## Records supplied
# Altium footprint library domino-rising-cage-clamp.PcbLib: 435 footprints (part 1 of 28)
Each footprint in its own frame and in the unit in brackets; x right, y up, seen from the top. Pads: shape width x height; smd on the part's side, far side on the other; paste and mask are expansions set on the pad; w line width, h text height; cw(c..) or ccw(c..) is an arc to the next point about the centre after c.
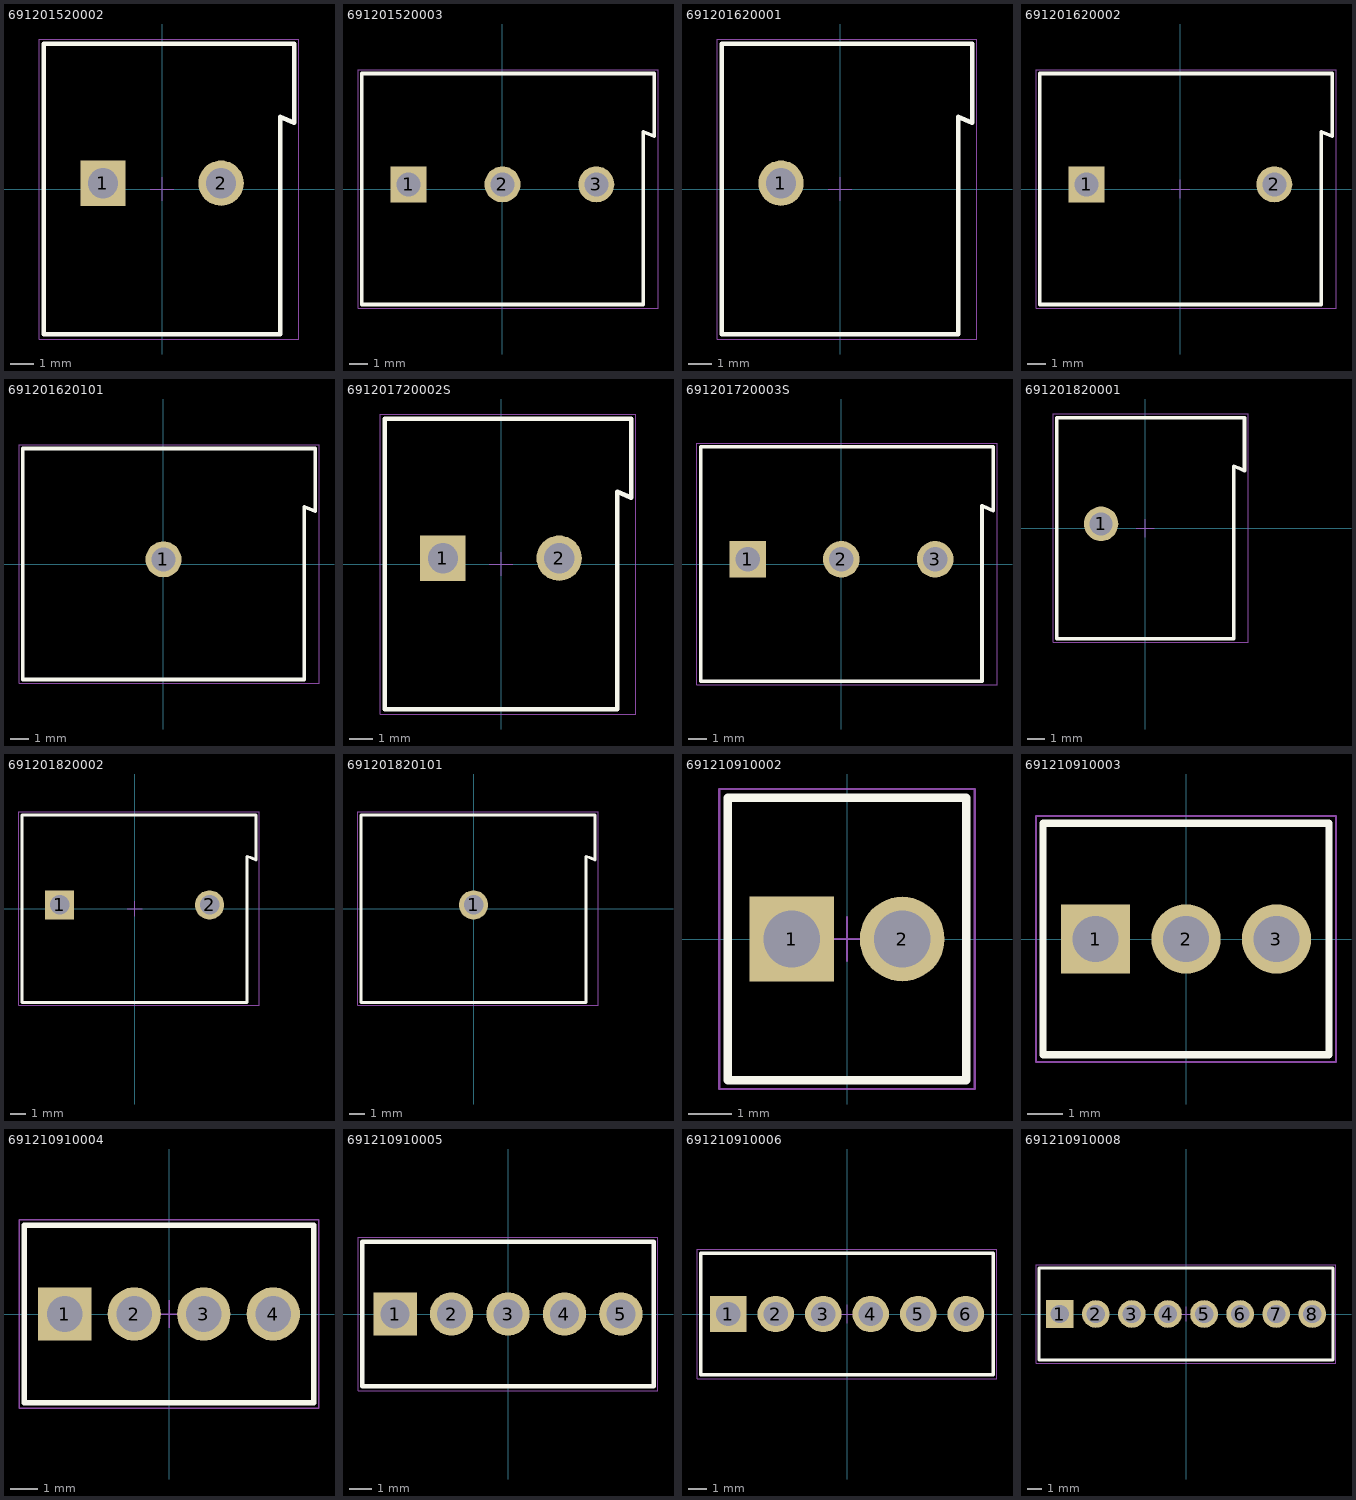
[diagram p0: the footprints below, top view; thin cyan lines are the x and y axes]

## 691201520002 [mm] "Serie 2015 - 5.08 mm _ 2 pins"
height 12
pads (2):
  rect 1.95x1.95 hole 1.3: 1(-2.54,0.25)
  round 1.95 hole 1.3: 2(2.54,0.25)
Top Overlay:
  lines w0.2: -5.08,-6.25 5.08,-6.25 5.08,3.1 5.68,2.85 5.68,6.25 -5.08,6.25 -5.08,-6.25
Mechanical 13:
  lines w0.1: -5.08,-6.25 -5.08,6.25 5.68,6.25 5.68,2.85 5.08,3.1 5.08,-6.25 -5.08,-6.25
Mechanical 15:
  lines w0.05: -0.5,0 0.5,0 ; 0,-0.5 0,0.5 ; -5.28,-6.45 -5.28,6.45 5.88,6.45 5.88,-6.45 -5.28,-6.45
3D body "691201520002.stp": height 12.1, standoff -4.4, extent -5.08,-6.25 5.68,6.25

## 691201520003 [mm] "Serie 2015 - 5.08 mm _ 3 pins"
height 12
pads (3):
  rect 1.95x1.95 hole 1.3: 1(-5.08,0.25)
  round 1.95 hole 1.3: 2(0,0.25) 3(5.08,0.25)
Top Overlay:
  lines w0.2: -7.62,-6.25 -7.62,6.25 8.22,6.25 8.22,2.85 7.62,3.1 7.62,-6.25 -7.62,-6.25
Mechanical 13:
  lines w0.1: -7.62,-6.25 7.62,-6.25 7.62,3.1 8.22,2.85 8.22,6.25 -7.62,6.25 -7.62,-6.25
Mechanical 15:
  lines w0.05: -0.5,0 0.5,0 ; 0,-0.5 0,0.5 ; -7.82,-6.45 8.42,-6.45 8.42,6.45 -7.82,6.45 -7.82,-6.45
3D body "691201520003.stp": height 12.1, standoff -4.4, extent -7.62,-6.25 8.22,6.25

## 691201620001 [mm] "45¡ã Cable Entry with Rising Cage Clamp, pitch 10.16mm, 01p"
height 12
pads (1):
  round 1.95 hole 1.3: 1(-2.54,0.25)
Top Overlay:
  lines w0.2: 5.68,2.85 5.68,6.25 -5.08,6.25 -5.08,-6.25 5.08,-6.25 5.08,3.1 5.681,2.852
Mechanical 13:
  lines w0.1: 5.68,2.85 5.68,6.25 -5.08,6.25 -5.08,-6.25 5.08,-6.25 5.08,3.1 5.681,2.852
Mechanical 15:
  lines w0.05: -0.5,0 0.5,0 ; 0,-0.5 0,0.5 ; -5.28,-6.45 -5.28,6.45 5.88,6.45 5.88,-6.45 -5.28,-6.45
3D body "691201620001.stp": height 12.1, standoff -4.4, extent -5.08,-6.25 5.68,6.25

## 691201620002 [mm] "45¡ã Cable Entry with Rising Cage Clamp, pitch 10.16mm, 02p"
height 12
pads (2):
  rect 1.95x1.95 hole 1.3: 1(-5.08,0.25)
  round 1.95 hole 1.3: 2(5.08,0.25)
Top Overlay:
  lines w0.2: 8.22,2.85 8.22,6.25 -7.62,6.25 -7.62,-6.25 7.62,-6.25 7.62,3.1 8.221,2.852
Mechanical 13:
  lines w0.1: 8.22,2.85 8.22,6.25 -7.62,6.25 -7.62,-6.25 7.62,-6.25 7.62,3.1 8.221,2.852
Mechanical 15:
  lines w0.05: -0.5,0 0.5,0 ; 0,-0.5 0,0.5 ; -7.82,-6.45 -7.82,6.45 8.42,6.45 8.42,-6.45 -7.82,-6.45
3D body "691201620002.stp": height 12.1, standoff -4.4, extent -7.62,-6.25 8.22,6.25

## 691201620101 [mm] "45¡ã Cable Entry with Rising Cage Clamp, pitch 10.16mm, 01p"
height 12
pads (1):
  round 1.95 hole 1.3: 1(0,0.25)
Top Overlay:
  lines w0.2: 8.22,2.85 8.22,6.25 -7.62,6.25 -7.62,-6.25 7.62,-6.25 7.62,3.1 8.221,2.852
Mechanical 13:
  lines w0.1: 8.22,2.85 8.22,6.25 -7.62,6.25 -7.62,-6.25 7.62,-6.25 7.62,3.1 8.221,2.852
Mechanical 15:
  lines w0.05: -0.5,0 0.5,0 ; 0,-0.5 0,0.5 ; -7.82,-6.45 8.42,-6.45 8.42,6.45 -7.82,6.45 -7.82,-6.45
3D body "691201620101.stp": height 12.1, standoff -4.4, extent -7.62,-6.25 8.22,6.25

## 691201720002S [mm] "Serie 201S - 5.00 mm _ 2 pins"
height 12
pads (2):
  rect 1.95x1.95 hole 1.3: 1(-2.5,0.25)
  round 1.95 hole 1.3: 2(2.5,0.25)
Top Overlay:
  lines w0.2: -5,-6.25 5,-6.25 5,3.1 5.6,2.85 5.6,6.25 -5,6.25 -5,-6.25
Mechanical 13:
  lines w0.1: -5,-6.25 -5,6.25 5.6,6.25 5.6,2.85 5,3.1 5,-6.25 -5,-6.25
Mechanical 15:
  lines w0.05: -0.5,0 0.5,0 ; 0,-0.5 0,0.5 ; -5.2,-6.45 -5.2,6.45 5.8,6.45 5.8,-6.45 -5.2,-6.45
3D body "691201720002S.stp": height 12.1, standoff -4.4, extent -5,-6.3 5.6,6.2

## 691201720003S [mm] "Serie 201S - 5.00 mm _ 3 pins"
height 12
pads (3):
  rect 1.95x1.95 hole 1.3: 1(-5,0.25)
  round 1.95 hole 1.3: 2(0,0.25) 3(5,0.25)
Top Overlay:
  lines w0.2: -7.5,-6.25 7.5,-6.25 7.5,3.1 8.1,2.85 8.1,6.25 -7.5,6.25 -7.5,-6.25
Mechanical 13:
  lines w0.1: -7.5,-6.25 -7.5,6.25 8.1,6.25 8.1,2.85 7.5,3.1 7.5,-6.25 -7.5,-6.25
Mechanical 15:
  lines w0.05: -0.5,0 0.5,0 ; 0,-0.5 0,0.5 ; -7.7,-6.45 -7.7,6.45 8.3,6.45 8.3,-6.45 -7.7,-6.45
3D body "691201720003S.stp": height 12.1, standoff -4.4, extent -7.5,-6.3 8.1,6.2

## 691201820001 [mm] "45¡ã Cable Entry with Rising Cage Clamp, pitch 10mm, 01p"
height 12
pads (1):
  round 1.95 hole 1.3: 1(-2.5,0.25)
Top Overlay:
  lines w0.2: 4.998,-6.248 4.998,3.494 cw(c2.595,-3.291) 5.6,3.25 5.6,6.25 -5,6.25 -5,-6.25 5,-6.25
Mechanical 13:
  lines w0.1: 4.998,-6.248 4.998,3.494 cw(c2.595,-3.291) 5.6,3.25 5.6,6.25 -5,6.25 -5,-6.25 5,-6.25
Mechanical 15:
  lines w0.05: -0.5,0 0.5,0 ; 0,-0.5 0,0.5 ; -5.2,-6.45 -5.2,6.45 5.8,6.45 5.8,-6.45 -5.2,-6.45
3D body "691201820001.stp": height 12.1, standoff -4.4, extent -5,-6.25 5.6,6.25

## 691201820002 [mm] "45¡ã Cable Entry with Rising Cage Clamp, pitch 10mm, 02p"
height 12
pads (2):
  rect 1.95x1.95 hole 1.3: 1(-5,0.25)
  round 1.95 hole 1.3: 2(5,0.25)
Top Overlay:
  lines w0.2: 7.498,3.494 cw(c5.095,-3.291) 8.1,3.25 8.1,6.25 -7.5,6.25 -7.5,-6.25 7.5,-6.25 7.5,3.494
Mechanical 13:
  lines w0.1: 7.498,3.494 cw(c5.095,-3.291) 8.1,3.25 8.1,6.25 -7.5,6.25 -7.5,-6.25 7.5,-6.25 7.5,3.494
Mechanical 15:
  lines w0.05: -0.5,0 0.5,0 ; 0,-0.5 0,0.5 ; -7.7,-6.45 -7.7,6.45 8.3,6.45 8.3,-6.45 -7.7,-6.45
3D body "691201820002.stp": height 12.1, standoff -4.4, extent -7.5,-6.25 8.1,6.25

## 691201820101 [mm] "45¡ã Cable Entry with Rising Cage Clamp, pitch 10mm, 01p"
height 12
pads (1):
  round 1.95 hole 1.3: 1(0,0.25)
Top Overlay:
  lines w0.2: 7.498,3.494 cw(c5.095,-3.291) 8.1,3.25 8.1,6.25 -7.5,6.25 -7.5,-6.25 7.5,-6.25 7.5,3.494
Mechanical 13:
  lines w0.1: 7.498,3.494 cw(c5.095,-3.291) 8.1,3.25 8.1,6.25 -7.5,6.25 -7.5,-6.25 7.5,-6.25 7.5,3.494
Mechanical 15:
  lines w0.05: -0.5,0 0.5,0 ; 0,-0.5 0,0.5 ; -7.7,-6.45 8.3,-6.45 8.3,6.45 -7.7,6.45 -7.7,-6.45
3D body "691201820101.stp": height 12.1, standoff -4.4, extent -7.5,-6.25 8.1,6.25

## 691210910002 [mm] "2,54mm - modular - green - Horizontal wire entry - Cage clamp - 0,8mm2 wires - 02p"
height 8.5
pads (2):
  rect 1.95x1.95 hole 1.3: 1(-1.27,0)
  round 1.95 hole 1.3: 2(1.27,0)
Top Overlay:
  lines w0.2: -2.74,-3.25 -2.74,3.25 2.74,3.25 2.74,-3.25 -2.74,-3.25
Mechanical 13:
  lines w0.1: -2.74,-3.25 2.74,-3.25 2.74,3.25 -2.74,3.25 -2.74,-3.25
Mechanical 15:
  lines w0.05: -0.5,0 0.5,0 ; 0,-0.5 0,0.5 ; -2.94,-3.45 2.94,-3.45 2.94,3.45 -2.94,3.45 -2.94,-3.45
3D body "691210910002.stp": height 8.55, standoff -3.45, extent -2.74,-3.25 2.74,3.25

## 691210910003 [mm] "2,54mm - modular - green - Horizontal wire entry - Cage clamp - 0,8mm2 wires - 03p"
height 8.5
pads (3):
  rect 1.95x1.95 hole 1.3: 1(-2.54,0)
  round 1.95 hole 1.3: 2(0,0) 3(2.54,0)
Top Overlay:
  lines w0.2: -4.01,-3.25 -4.01,3.25 4.01,3.25 4.01,-3.25 -4.01,-3.25
Mechanical 13:
  lines w0.1: -4.01,-3.25 4.01,-3.25 4.01,3.25 -4.01,3.25 -4.01,-3.25
Mechanical 15:
  lines w0.05: -0.5,0 0.5,0 ; 0,-0.5 0,0.5 ; -4.21,-3.45 4.21,-3.45 4.21,3.45 -4.21,3.45 -4.21,-3.45
3D body "691210910003.stp": height 8.55, standoff -3.45, extent -4.01,-3.25 4.01,3.25

## 691210910004 [mm] "2,54mm - modular - green - Horizontal wire entry - Cage clamp - 0,8mm2 wires - 04p"
height 8.5
pads (4):
  rect 1.95x1.95 hole 1.3: 1(-3.81,0)
  round 1.95 hole 1.3: 2(-1.27,0) 3(1.27,0) 4(3.81,0)
Top Overlay:
  lines w0.2: -5.28,-3.25 -5.28,3.25 5.28,3.25 5.28,-3.25 -5.28,-3.25
Mechanical 13:
  lines w0.1: -5.28,-3.25 5.28,-3.25 5.28,3.25 -5.28,3.25 -5.28,-3.25
Mechanical 15:
  lines w0.05: -0.5,0 0.5,0 ; 0,-0.5 0,0.5 ; -5.48,-3.45 5.48,-3.45 5.48,3.45 -5.48,3.45 -5.48,-3.45
3D body "691210910004.stp": height 8.55, standoff -3.45, extent -5.28,-3.25 5.28,3.25

## 691210910005 [mm] "2,54mm - modular - green - Horizontal wire entry - Cage clamp - 0,8mm2 wires - 05p"
height 8.5
pads (5):
  rect 1.95x1.95 hole 1.3: 1(-5.08,0)
  round 1.95 hole 1.3: 2(-2.54,0) 3(0,0) 4(2.54,0) 5(5.08,0)
Top Overlay:
  lines w0.2: -6.55,-3.25 6.55,-3.25 6.55,3.25 -6.55,3.25 -6.55,-3.25
Mechanical 13:
  lines w0.1: -6.55,-3.25 -6.55,3.25 6.55,3.25 6.55,-3.25 -6.55,-3.25
Mechanical 15:
  lines w0.05: -0.5,0 0.5,0 ; 0,-0.5 0,0.5 ; -6.75,-3.45 -6.75,3.45 6.75,3.45 6.75,-3.45 -6.75,-3.45
3D body "691210910005.stp": height 8.55, standoff -3.45, extent -6.55,-3.25 6.55,3.25

## 691210910006 [mm] "2,54mm - modular - green - Horizontal wire entry - Cage clamp - 0,8mm2 wires - 06p"
height 8.5
pads (6):
  rect 1.95x1.95 hole 1.3: 1(-6.35,0)
  round 1.95 hole 1.3: 2(-3.81,0) 3(-1.27,0) 4(1.27,0) 5(3.81,0) 6(6.35,0)
Top Overlay:
  lines w0.2: -7.82,-3.25 -7.82,3.25 7.82,3.25 7.82,-3.25 -7.82,-3.25
Mechanical 13:
  lines w0.1: -7.82,-3.25 7.82,-3.25 7.82,3.25 -7.82,3.25 -7.82,-3.25
Mechanical 15:
  lines w0.05: -0.5,0 0.5,0 ; 0,-0.5 0,0.5 ; -8.02,-3.45 8.02,-3.45 8.02,3.45 -8.02,3.45 -8.02,-3.45
3D body "691210910006.stp": height 8.55, standoff -3.45, extent -7.82,-3.25 7.82,3.25

## 691210910008 [mm] "2,54mm - modular - green - Horizontal wire entry - Cage clamp - 0,8mm2 wires - 08p"
height 8.5
pads (8):
  rect 1.95x1.95 hole 1.3: 1(-8.89,0)
  round 1.95 hole 1.3: 2(-6.35,0) 3(-3.81,0) 4(-1.27,0) 5(1.27,0) 6(3.81,0) 7(6.35,0) 8(8.89,0)
Top Overlay:
  lines w0.2: -10.36,-3.25 -10.36,3.25 10.36,3.25 10.36,-3.25 -10.36,-3.25
Mechanical 13:
  lines w0.1: -10.36,-3.25 10.36,-3.25 10.36,3.25 -10.36,3.25 -10.36,-3.25
Mechanical 15:
  lines w0.05: -0.5,0 0.5,0 ; 0,-0.5 0,0.5 ; -10.56,-3.45 10.56,-3.45 10.56,3.45 -10.56,3.45 -10.56,-3.45
3D body "691210910008.stp": height 8.55, standoff -3.45, extent -10.36,-3.25 10.36,3.25

## Try it
Your answer must be a single number: how many lines of the records contain the word "wires".

## Answer space
6